For now, remittances to Mexico do not appear to have fallen. According to data from the Bank of Mexico, the country saw a record -- and short-lived -- spike of remittances in March of this year, with a little over $4 billion, a 36% increase from last year.
In an analysis posted to Twitter, Mexican economist Jonathan Heath attributed the record increase to "the depreciation of the exchange rate encouraging higher shipments," and to many Mexicans returning home from the United States, who may have sent their savings in advance, "to avoid traveling with cash and getting robbed."
As the pandemic swelled and lockdowns expanded, remittances have slowed back to normal rates in April and May, with nearly $2.9 billion and $3.4 billion respectively.
A global pause on remittances?
Globally, remittances are a lifeline between people in rich and poor countries.They move more money to families in low-and middle-income countries around the world than foreign direct investment and official development funds combined, according to the Migration Policy Institute. So when the economies in wealthy countries stumble, families across the globe can find their ability to pay for basics like food and medicine threatened.
Remittances to El Salvador, for example, dropped 40% in April 2020, compared to the same month last year, according to the country's central bank.
"The ongoing economic recession caused by Covid-19 is taking a severe toll on the ability to send money home and makes it all the more vital that we shorten the time to recovery for advanced economies," said World Bank Group President David Malpass in a recent statement.

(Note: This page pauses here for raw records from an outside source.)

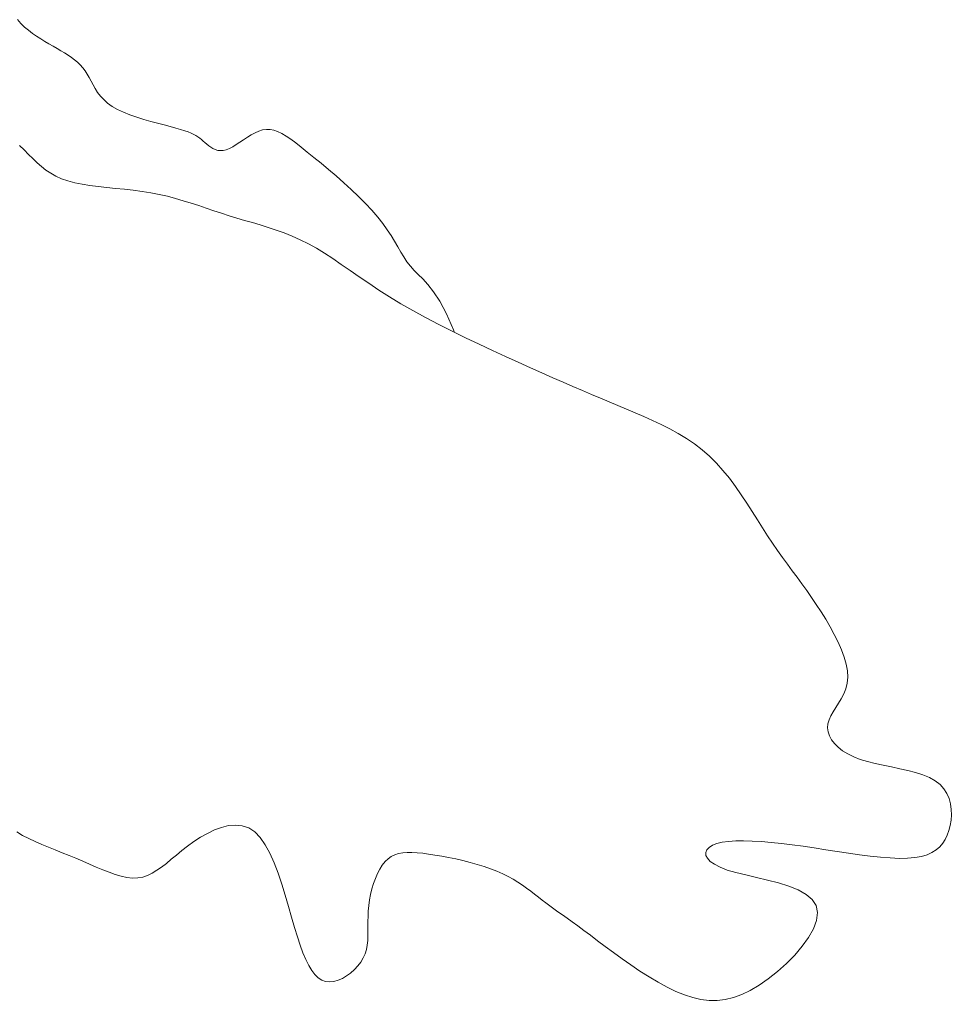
# Model space of a CAD drawing. Header units: metres. Extents: x -2400 to 2401, y 1 to 4503.
# Drawn here: x 401 to 2401, y 2078 to 4183 of the extents above; entities that cross this region are included whole.
import ezdxf

# ---------------------------------------------------------------- set-up
doc = ezdxf.new("R2010")
doc.units = ezdxf.units.M
doc.layers.add('A-DETL-GENF', color=92, linetype='Continuous', lineweight=18)

# ---------------------------------------------------------------- blocks, each defined once
blk = doc.blocks.new('90 boom_aanzicht - 2_ Boom-3645213-00_0 Basismaterialen')
at = {"layer": 'A-DETL-GENF'}
for p, q in [((396, 4182.7), (403.4, 4174.5)), ((403.4, 4174.5), (411.3, 4166.8)), ((411.3, 4166.8), (419.6, 4159.7)), ((419.6, 4159.7), (428.2, 4153.1)), ((428.2, 4153.1), (437, 4146.9)), ((437, 4146.9), (445.9, 4141.1)), ((445.9, 4141.1), (454.8, 4135.6)), ((454.8, 4135.6), (463.7, 4130.4)), ((463.7, 4130.4), (472.4, 4125.4)), ((472.4, 4125.4), (480.9, 4120.5)), ((480.9, 4120.5), (489.1, 4115.8)), ((489.1, 4115.8), (497, 4111.1)), ((497, 4111.1), (504.5, 4106.3)), ((504.5, 4106.3), (511.7, 4101.4)), ((511.7, 4101.4), (518.5, 4096.3)), ((518.5, 4096.3), (524.9, 4091)), ((524.9, 4091), (530.9, 4085.4)), ((530.9, 4085.4), (536.4, 4079.3)), ((536.4, 4079.3), (541.3, 4072.8)), ((541.3, 4072.8), (545.8, 4065.8)), ((545.8, 4065.8), (550, 4058.4)), ((550, 4058.4), (554.1, 4050.7)), ((554.1, 4050.7), (558.3, 4042.7)), ((558.3, 4042.7), (562.9, 4034.6)), ((562.9, 4034.6), (568.1, 4026.6)), ((568.1, 4026.6), (574.1, 4018.6)), ((574.1, 4018.6), (581.2, 4010.9)), ((581.2, 4010.9), (589.5, 4003.4)), ((589.5, 4003.4), (599.4, 3996.4)), ((599.4, 3996.4), (610.8, 3989.9)), ((610.8, 3989.9), (623.7, 3983.9)), ((623.7, 3983.9), (637.5, 3978.4)), ((637.5, 3978.4), (652.1, 3973.3)), ((652.1, 3973.3), (667.1, 3968.6)), ((667.1, 3968.6), (682.1, 3964.3)), ((682.1, 3964.3), (696.9, 3960.3)), ((696.9, 3960.3), (710.9, 3956.6)), ((710.9, 3956.6), (724.1, 3953.2)), ((724.1, 3953.2), (735.9, 3950)), ((735.9, 3950), (746.2, 3947.1)), ((746.2, 3947.1), (755, 3944.2)), ((755, 3944.2), (762.5, 3941.5)), ((762.5, 3941.5), (768.9, 3938.9)), ((768.9, 3938.9), (774.5, 3936.3)), ((897.8, 3935.4), (906, 3939.8)), ((906, 3939.8), (914.2, 3943.5)), ((914.2, 3943.5), (922.2, 3946)), ((922.2, 3946), (930.2, 3947.1)), ((930.2, 3947.1), (938.1, 3946.9)), ((938.1, 3946.9), (946.1, 3945.3)), ((946.1, 3945.3), (954.4, 3942.4)), ((954.4, 3942.4), (963.2, 3938.2)), ((963.2, 3938.2), (972.5, 3932.8)), ((774.5, 3936.3), (779.2, 3933.7)), ((779.2, 3933.7), (783.5, 3931)), ((783.5, 3931), (787.3, 3928.2)), ((787.3, 3928.2), (791, 3925.2)), ((791, 3925.2), (794.6, 3922.1)), ((794.6, 3922.1), (798.4, 3918.7)), ((798.4, 3918.7), (802.3, 3915.2)), ((865.7, 3914.5), (873.5, 3919.6)), ((873.5, 3919.6), (881.5, 3925)), ((881.5, 3925), (889.6, 3930.3)), ((889.6, 3930.3), (897.8, 3935.4)), ((972.5, 3932.8), (982.5, 3926)), ((982.5, 3926), (993.3, 3918.1)), ((993.3, 3918.1), (1005.2, 3908.9)), ((400.6, 3912.7), (410.4, 3902.9)), ((410.4, 3902.9), (419.7, 3893.4)), ((802.3, 3915.2), (806.5, 3911.8)), ((806.5, 3911.8), (810.9, 3908.7)), ((810.9, 3908.7), (815.6, 3905.9)), ((815.6, 3905.9), (820.6, 3903.7)), ((820.6, 3903.7), (825.9, 3902.1)), ((825.9, 3902.1), (831.6, 3901.4)), ((831.6, 3901.4), (837.6, 3901.8)), ((837.6, 3901.8), (844.1, 3903.3)), ((844.1, 3903.3), (850.9, 3906.1)), ((850.9, 3906.1), (858.2, 3909.9)), ((858.2, 3909.9), (865.7, 3914.5)), ((1005.2, 3908.9), (1018.2, 3898.5)), ((1018.2, 3898.5), (1032.4, 3887)), ((419.7, 3893.4), (428.8, 3884.3)), ((428.8, 3884.3), (438, 3875.6)), ((438, 3875.6), (447.3, 3867.5)), ((1032.4, 3887), (1047.6, 3874.5)), ((1047.6, 3874.5), (1063.5, 3861.2)), ((447.3, 3867.5), (457, 3859.9)), ((457, 3859.9), (467.4, 3852.9)), ((467.4, 3852.9), (478.6, 3846.6)), ((1063.5, 3861.2), (1079.8, 3847.2)), ((478.6, 3846.6), (490.7, 3841.1)), ((490.7, 3841.1), (504.1, 3836.3)), ((504.1, 3836.3), (518.8, 3832.4)), ((518.8, 3832.4), (534.7, 3829.2)), ((1079.8, 3847.2), (1096.2, 3832.7)), ((1096.2, 3832.7), (1112.4, 3817.9)), ((534.7, 3829.2), (551.6, 3826.6)), ((551.6, 3826.6), (569.4, 3824.4)), ((569.4, 3824.4), (587.7, 3822.4)), ((587.7, 3822.4), (606.5, 3820.5)), ((606.5, 3820.5), (625.6, 3818.6)), ((625.6, 3818.6), (644.7, 3816.5)), ((644.7, 3816.5), (663.6, 3814.1)), ((663.6, 3814.1), (682.2, 3811.2)), ((682.2, 3811.2), (700.3, 3807.6)), ((1112.4, 3817.9), (1128.1, 3803)), ((700.3, 3807.6), (717.9, 3803.5)), ((717.9, 3803.5), (735.1, 3798.9)), ((735.1, 3798.9), (752, 3794)), ((752, 3794), (768.6, 3788.8)), ((1128.1, 3803), (1143.1, 3788.1)), ((768.6, 3788.8), (785.1, 3783.4)), ((785.1, 3783.4), (801.4, 3777.9)), ((801.4, 3777.9), (817.7, 3772.4)), ((817.7, 3772.4), (834, 3767)), ((1143.1, 3788.1), (1156.9, 3773.4)), ((1156.9, 3773.4), (1169.4, 3759)), ((834, 3767), (850.4, 3761.7)), ((850.4, 3761.7), (866.9, 3756.7)), ((866.9, 3756.7), (883.6, 3751.8)), ((883.6, 3751.8), (900.4, 3746.9)), ((1169.4, 3759), (1180.3, 3745.1)), ((900.4, 3746.9), (917.3, 3741.9)), ((917.3, 3741.9), (934.4, 3736.6)), ((934.4, 3736.6), (951.5, 3731)), ((951.5, 3731), (968.6, 3724.7)), ((1180.3, 3745.1), (1189.7, 3731.8)), ((1189.7, 3731.8), (1198.1, 3719)), ((968.6, 3724.7), (985.9, 3717.8)), ((985.9, 3717.8), (1003.1, 3710.1)), ((1003.1, 3710.1), (1020.4, 3701.5)), ((1198.1, 3719), (1205.5, 3706.8)), ((1205.5, 3706.8), (1212.4, 3695)), ((1020.4, 3701.5), (1037.7, 3691.8)), ((1037.7, 3691.8), (1055.1, 3681.1)), ((1212.4, 3695), (1218.9, 3683.8)), ((1055.1, 3681.1), (1072.9, 3669.6)), ((1072.9, 3669.6), (1091.1, 3657.3)), ((1218.9, 3683.8), (1225.4, 3673.2)), ((1225.4, 3673.2), (1232.1, 3663)), ((1232.1, 3663), (1239.3, 3653.4)), ((1091.1, 3657.3), (1110, 3644.3)), ((1110, 3644.3), (1129.6, 3630.7)), ((1239.3, 3653.4), (1247.2, 3644.4)), ((1247.2, 3644.4), (1256.1, 3635.6)), ((1129.6, 3630.7), (1150.2, 3616.7)), ((1256.1, 3635.6), (1266.1, 3626)), ((1266.1, 3626), (1277.1, 3614.1)), ((1150.2, 3616.7), (1171.9, 3602.3)), ((1171.9, 3602.3), (1194.8, 3587.7)), ((1277.1, 3614.1), (1289.2, 3598.7)), ((1194.8, 3587.7), (1219.2, 3572.9)), ((1289.2, 3598.7), (1302.4, 3578.3)), ((1219.2, 3572.9), (1245, 3558.1)), ((1245, 3558.1), (1272.1, 3543.3)), ((1302.4, 3578.3), (1316.7, 3551.5)), ((1272.1, 3543.3), (1300.1, 3528.5)), ((1316.7, 3551.5), (1332.2, 3516.9)), ((1300.1, 3528.5), (1328.8, 3514)), ((1332.2, 3516.9), (1334.4, 3511.3)), ((1328.8, 3514), (1357.8, 3499.8)), ((1357.8, 3499.8), (1386.8, 3485.9)), ((1386.8, 3485.9), (1415.6, 3472.4)), ((1415.6, 3472.4), (1443.8, 3459.4)), ((1443.8, 3459.4), (1471, 3447.1)), ((1471, 3447.1), (1497.1, 3435.4)), ((1497.1, 3435.4), (1521.7, 3424.4)), ((1521.7, 3424.4), (1545, 3414.1)), ((1545, 3414.1), (1567.1, 3404.4)), ((1567.1, 3404.4), (1588.3, 3395.2)), ((1588.3, 3395.2), (1608.5, 3386.5)), ((1608.5, 3386.5), (1628.1, 3378.1)), ((1628.1, 3378.1), (1647.2, 3370)), ((1647.2, 3370), (1665.9, 3362)), ((1665.9, 3362), (1684.5, 3354.2)), ((1684.5, 3354.2), (1703.1, 3346.4)), ((1703.1, 3346.4), (1721.8, 3338.5)), ((1721.8, 3338.5), (1740.5, 3330.5)), ((1740.5, 3330.5), (1759.2, 3322.1)), ((1759.2, 3322.1), (1777.8, 3313.4)), ((1777.8, 3313.4), (1796.2, 3304.1)), ((1796.2, 3304.1), (1814.2, 3294.2)), ((1814.2, 3294.2), (1831.8, 3283.5)), ((1831.8, 3283.5), (1848.9, 3271.9)), ((1848.9, 3271.9), (1865.4, 3259.4)), ((1865.4, 3259.4), (1881.2, 3245.7)), ((1881.2, 3245.7), (1896.2, 3230.8)), ((1896.2, 3230.8), (1910.4, 3214.9)), ((1910.4, 3214.9), (1924, 3198.1)), ((1924, 3198.1), (1937, 3180.8)), ((1937, 3180.8), (1949.4, 3163)), ((1949.4, 3163), (1961.4, 3145)), ((1961.4, 3145), (1973, 3126.9)), ((1973, 3126.9), (1984.3, 3109.1)), ((1984.3, 3109.1), (1995.3, 3091.7)), ((1995.3, 3091.7), (2006.2, 3074.9)), ((2006.2, 3074.9), (2016.9, 3058.8)), ((2016.9, 3058.8), (2027.6, 3043.4)), ((2027.6, 3043.4), (2038.1, 3028.5)), ((2038.1, 3028.5), (2048.6, 3014)), ((2048.6, 3014), (2059, 2999.8)), ((2059, 2999.8), (2069.4, 2985.7)), ((2069.4, 2985.7), (2079.7, 2971.5)), ((2079.7, 2971.5), (2090, 2957.2)), ((2090, 2957.2), (2100.3, 2942.5)), ((2100.3, 2942.5), (2110.5, 2927.4)), ((2110.5, 2927.4), (2120.8, 2911.8)), ((2120.8, 2911.8), (2130.8, 2895.7)), ((2130.8, 2895.7), (2140.4, 2879.4)), ((2140.4, 2879.4), (2149.3, 2862.9)), ((2149.3, 2862.9), (2157.4, 2846.5)), ((2157.4, 2846.5), (2164.5, 2830.3)), ((2164.5, 2830.3), (2170.3, 2814.5)), ((2170.3, 2814.5), (2174.6, 2799.3)), ((2174.6, 2799.3), (2177.3, 2784.7)), ((2177.3, 2784.7), (2178, 2771)), ((2176.7, 2758.3), (2173.8, 2746.5)), ((2178, 2771), (2176.7, 2758.3)), ((2173.8, 2746.5), (2169.5, 2735.5)), ((2164.3, 2725.1), (2158.5, 2715.4)), ((2169.5, 2735.5), (2164.3, 2725.1)), ((2147.1, 2697.1), (2142.1, 2688.4)), ((2152.7, 2706.1), (2147.1, 2697.1)), ((2158.5, 2715.4), (2152.7, 2706.1)), ((2138.2, 2679.8), (2135.7, 2671.2)), ((2142.1, 2688.4), (2138.2, 2679.8)), ((2135.7, 2671.2), (2135, 2662.6)), ((2135, 2662.6), (2136.1, 2653.9)), ((2136.1, 2653.9), (2139, 2645.3)), ((2139, 2645.3), (2143.5, 2636.8)), ((2143.5, 2636.8), (2149.8, 2628.6)), ((2149.8, 2628.6), (2157.7, 2620.8)), ((2157.7, 2620.8), (2167.2, 2613.4)), ((2167.2, 2613.4), (2178.3, 2606.6)), ((2178.3, 2606.6), (2190.9, 2600.3)), ((2190.9, 2600.3), (2205, 2594.8)), ((2205, 2594.8), (2220.5, 2590.1)), ((2220.5, 2590.1), (2237.1, 2585.9)), ((2237.1, 2585.9), (2254.4, 2582.1)), ((2254.4, 2582.1), (2272.1, 2578.5)), ((2272.1, 2578.5), (2289.9, 2574.9)), ((2289.9, 2574.9), (2307.2, 2571.1)), ((2307.2, 2571.1), (2323.9, 2566.7)), ((2323.9, 2566.7), (2339.5, 2561.8)), ((2339.5, 2561.8), (2353.6, 2555.9)), ((2353.6, 2555.9), (2366, 2549)), ((2366, 2549), (2376.3, 2540.8)), ((2376.3, 2540.8), (2384.5, 2531.5)), ((2384.5, 2531.5), (2390.9, 2521.4)), ((2390.9, 2521.4), (2395.6, 2510.6)), ((2395.6, 2510.6), (2398.7, 2499.2)), ((2398.7, 2499.2), (2400.3, 2487.6)), ((2400.3, 2487.6), (2400.6, 2475.9)), ((2399.8, 2464.4), (2397.9, 2453.1)), ((2400.6, 2475.9), (2399.8, 2464.4)), ((818.7, 2443.3), (803.6, 2436)), ((834, 2448.9), (818.7, 2443.3)), ((849.1, 2452.6), (834, 2448.9)), ((864.1, 2453.9), (849.1, 2452.6)), ((878.5, 2452.3), (864.1, 2453.9)), ((892.3, 2447.6), (878.5, 2452.3)), ((905.2, 2439.3), (892.3, 2447.6)), ((2395.2, 2442.4), (2391.7, 2432.4)), ((2397.9, 2453.1), (2395.2, 2442.4)), ((407, 2431.7), (394.4, 2439.1)), ((420.3, 2424.8), (407, 2431.7)), ((434, 2418.3), (420.3, 2424.8)), ((788.9, 2427.6), (774.7, 2418.4)), ((803.6, 2436), (788.9, 2427.6)), ((917.1, 2427.1), (905.2, 2439.3)), ((928, 2411.6), (917.1, 2427.1)), ((2387.4, 2423.2), (2382.1, 2414.8)), ((2391.7, 2432.4), (2387.4, 2423.2)), ((448.1, 2412.2), (434, 2418.3)), ((462.5, 2406.2), (448.1, 2412.2)), ((477.2, 2400.4), (462.5, 2406.2)), ((492, 2394.6), (477.2, 2400.4)), ((761.3, 2408.7), (748.8, 2399)), ((774.7, 2418.4), (761.3, 2408.7)), ((938, 2393.2), (928, 2411.6)), ((1875.9, 2400.7), (1873.5, 2394.9)), ((1880.7, 2405.9), (1875.9, 2400.7)), ((1887.9, 2410.4), (1880.7, 2405.9)), ((1897.4, 2414.1), (1887.9, 2410.4)), ((1908.9, 2416.9), (1897.4, 2414.1)), ((1922.4, 2418.7), (1908.9, 2416.9)), ((1937.7, 2419.7), (1922.4, 2418.7)), ((1954.7, 2419.9), (1937.7, 2419.7)), ((1973.1, 2419.4), (1954.7, 2419.9)), ((1992.9, 2418.3), (1973.1, 2419.4)), ((2013.8, 2416.5), (1992.9, 2418.3)), ((2035.8, 2414.2), (2013.8, 2416.5)), ((2058.6, 2411.4), (2035.8, 2414.2)), ((2082.2, 2408.3), (2058.6, 2411.4)), ((2106.3, 2404.7), (2082.2, 2408.3)), ((2130.8, 2401), (2106.3, 2404.7)), ((2155.2, 2397.3), (2130.8, 2401)), ((2368, 2400.6), (2358.9, 2394.9)), ((2375.6, 2407.2), (2368, 2400.6)), ((2382.1, 2414.8), (2375.6, 2407.2)), ((506.8, 2388.7), (492, 2394.6)), ((521.6, 2382.6), (506.8, 2388.7)), ((536.2, 2376.3), (521.6, 2382.6)), ((726.1, 2380.4), (715.6, 2371.7)), ((737.2, 2389.5), (726.1, 2380.4)), ((748.8, 2399), (737.2, 2389.5)), ((947.2, 2372.6), (938, 2393.2)), ((1191.4, 2381.5), (1185, 2375.5)), ((1198.4, 2386.4), (1191.4, 2381.5)), ((1206, 2390), (1198.4, 2386.4)), ((1214.2, 2392.7), (1206, 2390)), ((1223, 2394.3), (1214.2, 2392.7)), ((1232.5, 2395.1), (1223, 2394.3)), ((1242.8, 2395.2), (1232.5, 2395.1)), ((1253.9, 2394.5), (1242.8, 2395.2)), ((1265.8, 2393.3), (1253.9, 2394.5)), ((1278.5, 2391.6), (1265.8, 2393.3)), ((1292.2, 2389.6), (1278.5, 2391.6)), ((1306.6, 2387.1), (1292.2, 2389.6)), ((1321.5, 2384.3), (1306.6, 2387.1)), ((1336.7, 2381.1), (1321.5, 2384.3)), ((1352.2, 2377.6), (1336.7, 2381.1)), ((1873.5, 2394.9), (1873.8, 2388.8)), ((1873.8, 2388.8), (1876.9, 2382.5)), ((1876.9, 2382.5), (1882.9, 2376)), ((2179.5, 2393.6), (2155.2, 2397.3)), ((2203.4, 2390.2), (2179.5, 2393.6)), ((2226.5, 2387.2), (2203.4, 2390.2)), ((2248.6, 2384.9), (2226.5, 2387.2)), ((2269.5, 2383.2), (2248.6, 2384.9)), ((2288.9, 2382.4), (2269.5, 2383.2)), ((2306.6, 2382.6), (2288.9, 2382.4)), ((2322.4, 2384), (2306.6, 2382.6)), ((2336.3, 2386.6), (2322.4, 2384)), ((2348.4, 2390.2), (2336.3, 2386.6)), ((2358.9, 2394.9), (2348.4, 2390.2)), ((550.7, 2369.9), (536.2, 2376.3)), ((564.9, 2363.7), (550.7, 2369.9)), ((578.9, 2357.8), (564.9, 2363.7)), ((592.5, 2352.4), (578.9, 2357.8)), ((705.4, 2363.8), (695.5, 2356.7)), ((715.6, 2371.7), (705.4, 2363.8)), ((955.7, 2350.3), (947.2, 2372.6)), ((1173.6, 2359.5), (1168.6, 2349.9)), ((1179, 2368.1), (1173.6, 2359.5)), ((1185, 2375.5), (1179, 2368.1)), ((1367.6, 2373.7), (1352.2, 2377.6)), ((1382.8, 2369.5), (1367.6, 2373.7)), ((1397.5, 2364.9), (1382.8, 2369.5)), ((1411.7, 2360), (1397.5, 2364.9)), ((1425.1, 2354.8), (1411.7, 2360)), ((1882.9, 2376), (1891.9, 2369.6)), ((1891.9, 2369.6), (1904.1, 2363.3)), ((1904.1, 2363.3), (1919.6, 2357.4)), ((605.8, 2347.8), (592.5, 2352.4)), ((618.6, 2344), (605.8, 2347.8)), ((631, 2341.4), (618.6, 2344)), ((642.9, 2340.1), (631, 2341.4)), ((654.3, 2340.4), (642.9, 2340.1)), ((665.1, 2342.3), (654.3, 2340.4)), ((675.4, 2345.8), (665.1, 2342.3)), ((685.5, 2350.6), (675.4, 2345.8)), ((695.5, 2356.7), (685.5, 2350.6)), ((963.6, 2326.9), (955.7, 2350.3)), ((1164.2, 2339.5), (1160.2, 2328.5)), ((1168.6, 2349.9), (1164.2, 2339.5)), ((1437.6, 2349.2), (1425.1, 2354.8)), ((1449.2, 2343.4), (1437.6, 2349.2)), ((1460.1, 2337.4), (1449.2, 2343.4)), ((1470.2, 2331.1), (1460.1, 2337.4)), ((1919.6, 2357.4), (1938.3, 2352)), ((1938.3, 2352), (1959.6, 2346.7)), ((1959.6, 2346.7), (1982.5, 2341.4)), ((1982.5, 2341.4), (2006.1, 2335.8)), ((970.9, 2303.1), (963.6, 2326.9)), ((1156.9, 2316.9), (1154.1, 2305.1)), ((1160.2, 2328.5), (1156.9, 2316.9)), ((1479.8, 2324.8), (1470.2, 2331.1)), ((1488.9, 2318.3), (1479.8, 2324.8)), ((1497.6, 2311.9), (1488.9, 2318.3)), ((2006.1, 2335.8), (2029.4, 2329.7)), ((2029.4, 2329.7), (2051.6, 2322.6)), ((2051.6, 2322.6), (2071.7, 2314.5)), ((977.8, 2279.3), (970.9, 2303.1)), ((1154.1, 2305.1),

As unemployment skyrockets across Latin America, the UN's World Food Programme (WFP) is already worried about hunger in the region. "[Latin America] has seen an almost three-fold rise in the number of people requiring food assistance," WFP said in a statement at the end of June.
López Aceves' mother has found a new part-time job. But she is not yet able to resume sending money home. So López Aceves moved an hour away to look for work, leaving her daughter in the care of her sister, and hoping the change will help make ends meet.
"We tried to quarantine but I couldn't completely because the situation here in Mexico is different," she told CNN. "I have to go look for work—to find a way to make money to help with the indispensable, which is food."